(Image: Vincent Michel – Facebook; mothballed fire engine graveyard in France)
I wanted to be a fighter pilot when I grew up, but seeing a shiny red fire engine go hurtling past never failed to spur the imagination. What’s more, such impressive emergency vehicles seemed invincible. It was inconceivable to think that they too had a finite life expectancy, and would one day find their way to the scrap heap. The lucky ones, of course, go to museums, and having them preserved seems like an appropriate fate for any vehicle that serves the public good. But as interesting as museums are, sometimes a different kind of behind-the-scenes tour can be far more compelling; especially when it comes in the form of a graveyard full of abandoned fire engines, quietly gathering dust in an anonymous warehouse.
(Images: Vincent Michel – Facebook)
Okay, so these captivating scenes of unloved fire trucks and appliances stored in France don’t exactly constitute a behind-the-scenes tour.

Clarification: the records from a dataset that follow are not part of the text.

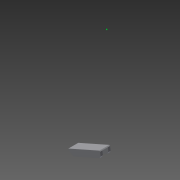
# Autodesk Inventor part: BottomGrip
Saved by Autodesk Inventor 2020.4 (Build 244396010, 396A)
## iProperties
Created: 2022-11-11
Part Number: BottomGrip
Material: Generic
Document SubType Name: Modeling
Designer: Val
Density: 1 g/cm^3
Appearance: Default
Author: Val
Autodesk Inventor part; units mm, degrees
ref_plane "YZ Plane" through (0, 0, 0) normal (1, 0, 0) x (0, 1, 0)
ref_plane "XZ Plane" through (0, 0, 0) normal (0, 1, 0) x (-1, 0, 0)
ref_plane "XY Plane" through (0, 0, 0) normal (0, 0, 1) x (1, 0, 0)
sketch "Sketch1" plane through (0, 0, 0) normal (0, 0, 1) x (1, 0, 0)
  line L0 (-7.3059, -465.3624) -> (-4.6413, -482.4725)
  line L1 (-9.4718, -491.3147) -> (-125.6251, -542.6703)
  line L2 (-125.6251, -542.6703) -> (-148.9715, -527.9978)
  line L3 (-148.9715, -527.9978) -> (-7.3059, -465.3624) construction
  line L4 (-7.3059, -465.3624) -> (-10.4732, -462.5969)
  line L5 (-10.4732, -462.5969) -> (-149.0606, -523.8714)
  line L6 (-149.0606, -523.8714) -> (-148.9715, -527.9978)
  line L7 (-9.4718, -491.3147) -> (-4.6413, -482.4725)
  point P0 (0, 0)
  point P1 (-3.6641, -488.7469)
  dimension "d3" = 3.81
  dimension "d6" = 133.35
  dimension "d8" = 6.35
  dimension "d9" = 6.35
  constraints: 16 end point, 2 point on line
  measures "d3" distance between parallel lines of L5 L3
  measures "d6" distance of point (-3.664, -488.747) L1.end
  measures "d8" distance of L7.start point (-3.664, -488.747)
  measures "d9" distance of L0.end point (-3.664, -488.747)
extrude "Extrusion1" add sketch "Sketch1" along normal mid plane 44.45
sketch "Sketch2" plane through (-138.2759, -548.2636, 22.225) normal (-0.4043748, 0.9145934, 0) x (0.9145934, 0.4043748, 0)
  line L0 (-1.5872, 10) -> (153.3074, 10) construction
  line L1 (153.3074, 34.45) -> (-1.5872, 34.45) construction
  line L2 (163.3576, 10) -> (-32.3991, 10)
  line L3 (-32.3991, 10) -> (-32.3991, 34.45)
  line L4 (-32.3991, 34.45) -> (163.3576, 34.45)
  line L5 (163.3576, 34.45) -> (163.3576, 10)
  line L6 (163.3576, 6.0918) -> (163.3576, 38.3582) construction
  line L7 (-32.3991, 3.3518) -> (-32.3991, 41.0982) construction
  point P0 (348.1702, 22.225)
  constraints: 8 end point, 4 collinear, 2 parallel, 1 horizontal, 1 perpendicular
ref_plane "Work Plane1" through (-188.0551, -545.2781, -26.8885) normal (-0.4043748, 0.9145934, 0) x (0, 0, 1)
extrude "Extrusion2" cut sketch "Sketch2" along normal up to surface (22.86 mm away)
sketch "Sketch4" plane through (0, 0, 0) normal (0, 0, 1) x (1, 0, 0)
  point P0 (0, 0)
equation "\"d9\" = d8"
body "Solid1"

They were taken by urban explorer Vincent Michel, and their location remains firmly under wraps. However, we understand from Messy Nessy that they are located somewhere near Le Havre, Normandy, in the northwest of the country. The title of the Flickr album – Caserne Sainte-Barbe (Barracks St. Barbara) may offer a clue of their whereabouts.
(Images: Vincent Michel – Facebook)
Messy Nessy writes that during the 1990s, fire departments across France embarked on a campaign to raise enough money to restore dozens of retired fire engines and donate them to museums. But funds dried up in the early 2000s and those fire appliances that weren’t in good enough shape for preservation were placed in storage.
(Images: Vincent Michel – Facebook)
It was hoped that a museum would come along and rescue them. But as these all-but abandoned fire engines demonstrate, supply would seem to rather outweigh demand. The Facebook group Dark Taz Photography writes that a museum in Belgium, which was poised to open in 2009, had offered some hope for the neglected fire trucks. But when the facility failed to open, the vehicles remained in their dusty resting place. It’s also understood that another new museum opened near the Swiss border in 2014, but we’re unsure how many, if any, old appliances from this warehouse made the journey.
(Images: Vincent Michel – Facebook)
What is in no doubt at all, however, is that this cemetery of mothballed fire engines makes for a visually compelling photography subject. Those who love transportation and motor vehicles in general can’t fail to be drawn in by these scenes of decay, the subjects of which illustrate the history of French fire departments from the 1930s to the 1970s. Though it may not be as valuable, the dusty fire engine graveyard brings to mind a cache of vintage World War Two aircraft revealed several years ago on a Texas ranch.